• **ACTIVITY**
Every line of the entries below that includes "chamfer" belongs in the answer, copied as written.

Saved data entries
·····
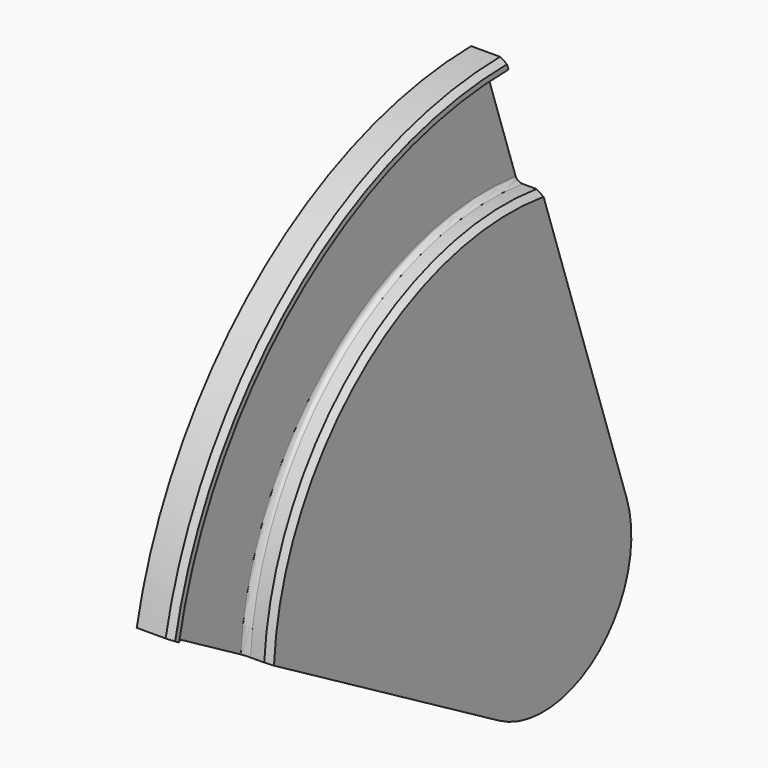
from build123d import *

# Parameters (mm, degrees)
F1_DEPTH     = 2.37
F3_DEPTH     = 2.37
F5_DEPTH     = 2.25
F6_DEPTH     = 0.75
F7_SIZE      = 0.5
F8_T4_ANGLE  = 81.836383008
F8_T10_ANGLE = 99.1168662244
F10_DEPTH    = 3.12


# Not quite as in the source:
# - a fillet or chamfer that OpenCascade refuses, or shapes differently, is made with other operations: its cross-section is extruded or revolved along the edge and cut away or added


with BuildPart() as f1:
    # F0 (on Right) → F1 (new body)
    with BuildSketch(Plane.YZ):
        with BuildLine():
            ThreePointArc((-46.5614527995, 89.8296507657), (-59.272592692, 87.6283434753), (-70.5032497848, 81.2808106933))
            Line((-70.5032497848, 81.2808106933), (-46.5614527995, 52.0296507657))
            Line((-46.5614527995, 52.0296507657), (-42.2863249385, 46.8064651858))
            ThreePointArc((-42.2863249385, 46.8064651858), (-37.3697308445, 54.2738686288), (-37.5751261635, 63.2121472344))
            Line((-37.5751261635, 63.2121472344), (-46.5614527995, 89.8296507657))
        make_face()
        with BuildLine():
            Line((-46.5614527995, 52.0296507657), (-70.5032497848, 81.2808106933))
            ThreePointArc((-70.5032497848, 81.2808106933), (-78.9453750126, 71.5263577209), (-83.6157032002, 59.501098232))
            Line((-83.6157032002, 59.501098232), (-59.2995451707, 45.4309163095))
            ThreePointArc((-59.2995451707, 45.4309163095), (-50.5782061954, 43.4628568222), (-42.2863249385, 46.8064651858))
            Line((-42.2863249385, 46.8064651858), (-46.5614527995, 52.0296507657))
        make_face()
    extrude(amount=F1_DEPTH)

    # F2 (on face) → F3 (join)
    with BuildSketch(Plane(origin=(0, 0, 0), x_dir=(0, -1, 0), z_dir=(-1, 0, 0))):
        with BuildLine():
            ThreePointArc((84.0721339402, 59.7652050675), (70.8199402211, 81.6677307982), (46.7301322311, 90.3292793181))
            Line((46.7301322311, 90.3292793181), (46.5614527995, 89.8296507657))
            ThreePointArc((46.5614527995, 89.8296507657), (70.5032497848, 81.2808106933), (83.6157032002, 59.501098232))
            Line((83.6157032002, 59.501098232), (84.0721339402, 59.7652050675))
        make_face()
        with BuildLine():
            ThreePointArc((84.9830454985, 60.2922904452), (71.4533210937, 82.4415710079), (47.0667704776, 91.3264019551))
            Line((47.0667704776, 91.3264019551), (46.7301322311, 90.3292793181))
            ThreePointArc((46.7301322311, 90.3292793181), (70.8199402211, 81.6677307982), (84.0721339402, 59.7652050675))
            Line((84.0721339402, 59.7652050675), (84.9830454985, 60.2922904452))
        make_face()
    extrude(amount=-F3_DEPTH)

    # F4 (on face) → F5 (cut)
    with BuildSketch(Plane.YZ.offset(2.37)):
        with BuildLine():
            ThreePointArc((-73.802497152, 53.8228330154), (-63.8527506222, 73.1554884912), (-42.9348652938, 79.0876969454))
            Line((-42.9348652938, 79.0876969454), (-46.7301322311, 90.3292793181))
            ThreePointArc((-46.7301322311, 90.3292793181), (-70.8199402211, 81.6677307982), (-84.0721339402, 59.7652050675))
            Line((-84.0721339402, 59.7652050675), (-73.802497152, 53.8228330154))
        make_face()
    extrude(amount=-F5_DEPTH, mode=Mode.SUBTRACT)

    # F6 (add): a face of the model
    f6_faces = [f1.faces().sort_by_distance(p)[0] for p in [
        (0, -58.3598378742, 66.4444605195),
    ]]
    extrude(f6_faces, amount=F6_DEPTH)

    # F7
    f7_edges = [f1.edges().sort_by_distance(p)[0] for p in [
        (2.37, -71.453321, 82.441571),
        (2.37, -63.852751, 73.155488),
    ]]
    chamfer(f7_edges, length=F7_SIZE)

    # F8: fillet of radius 0.5 on 2 edges, made by hand


with BuildPart() as f8_tool2:
    # F8_s3 → F8_t4 (revolve)
    with BuildSketch(Plane(origin=(0, -47.9930028953, 1.3558158365), x_dir=(1, 0, 0), z_dir=(0, 0.9996011995, -0.0282390152))):
        with BuildLine():
            ThreePointArc((0.62, -88.9940517429), (0.2664466094, -88.8476051335), (0.12, -88.4940517429))
            Line((0.12, -88.4940517429), (0.12, -88.9940517429))
            Line((0.12, -88.9940517429), (0.62, -88.9940517429))
        make_face()
    revolve(axis=Axis((0.12, -46.5614527995, 52.0296507657), (1, 0, 0)), revolution_arc=F8_T4_ANGLE)

    split(bisect_by=Plane(origin=(0, 4.8196318055, 8.3293115378), x_dir=(1, 0, 0), z_dir=(0, 0.5008338095, 0.8655434681)), keep=Keep.TOP)

    split(bisect_by=Plane(origin=(0, -14.5730530493, -4.9200036596), x_dir=(1, 0, 0), z_dir=(0, -0.947460791, -0.3198719268)), keep=Keep.TOP)


with BuildPart() as f1_1:
    add(f1.part)

    # F8_t1: union F8_tool2
    add(f8_tool2.part)


with BuildPart() as f8_tool8:
    # F8_s9 → F8_t10 (revolve)
    with BuildSketch(Plane(origin=(0, 1.0178886406, 51.0815497106), x_dir=(1, 0, 0), z_dir=(0, -0.0199227826, -0.9998015217))):
        with BuildLine():
            ThreePointArc((0.12, 75.388786783), (0.2664466094, 75.0352333924), (0.62, 74.888786783))
            Line((0.62, 74.888786783), (0.12, 74.888786783))
            Line((0.12, 74.888786783), (0.12, 75.388786783))
        make_face()
    revolve(axis=Axis((0.12, -46.5614527995, 52.0296507657), (-1, 0, 0)), revolution_arc=F8_T10_ANGLE)

    split(bisect_by=Plane(origin=(0, 4.8196318055, 8.3293115378), x_dir=(1, 0, 0), z_dir=(0, 0.5008338095, 0.8655434681)), keep=Keep.TOP)

    split(bisect_by=Plane(origin=(0, -14.5730530493, -4.9200036596), x_dir=(1, 0, 0), z_dir=(0, -0.947460791, -0.3198719268)), keep=Keep.TOP)


with BuildPart() as f1_2:
    add(f1_1.part)

    # F8_t7: union F8_tool8
    add(f8_tool8.part)

    # F9 (on face) → F10 (join)
    with BuildSketch(Plane(origin=(-0.75, 0, 0), x_dir=(0, -1, 0), z_dir=(-1, 0, 0))):
        with BuildLine():
            ThreePointArc((59.2995451707, 45.4309163095), (42.2863249385, 46.8064651858), (37.5751261635, 63.2121472344))
            Line((37.5751261635, 63.2121472344), (33.3301843859, 50.6386277829))
            ThreePointArc((33.3301843859, 50.6386277829), (36.4709835693, 39.7015064172), (47.8131303907, 38.784473833))
            Line((47.8131303907, 38.784473833), (59.2995451707, 45.4309163095))
        make_face()
    extrude(amount=-F10_DEPTH)


solid = f1_2.part
·····
• **ANSWER SPACE**
# - a fillet or chamfer that OpenCascade refuses, or shapes differently, is made with other operations: its cross-section is extruded or revolved along the edge and cut away or added
    chamfer(f7_edges, length=F7_SIZE)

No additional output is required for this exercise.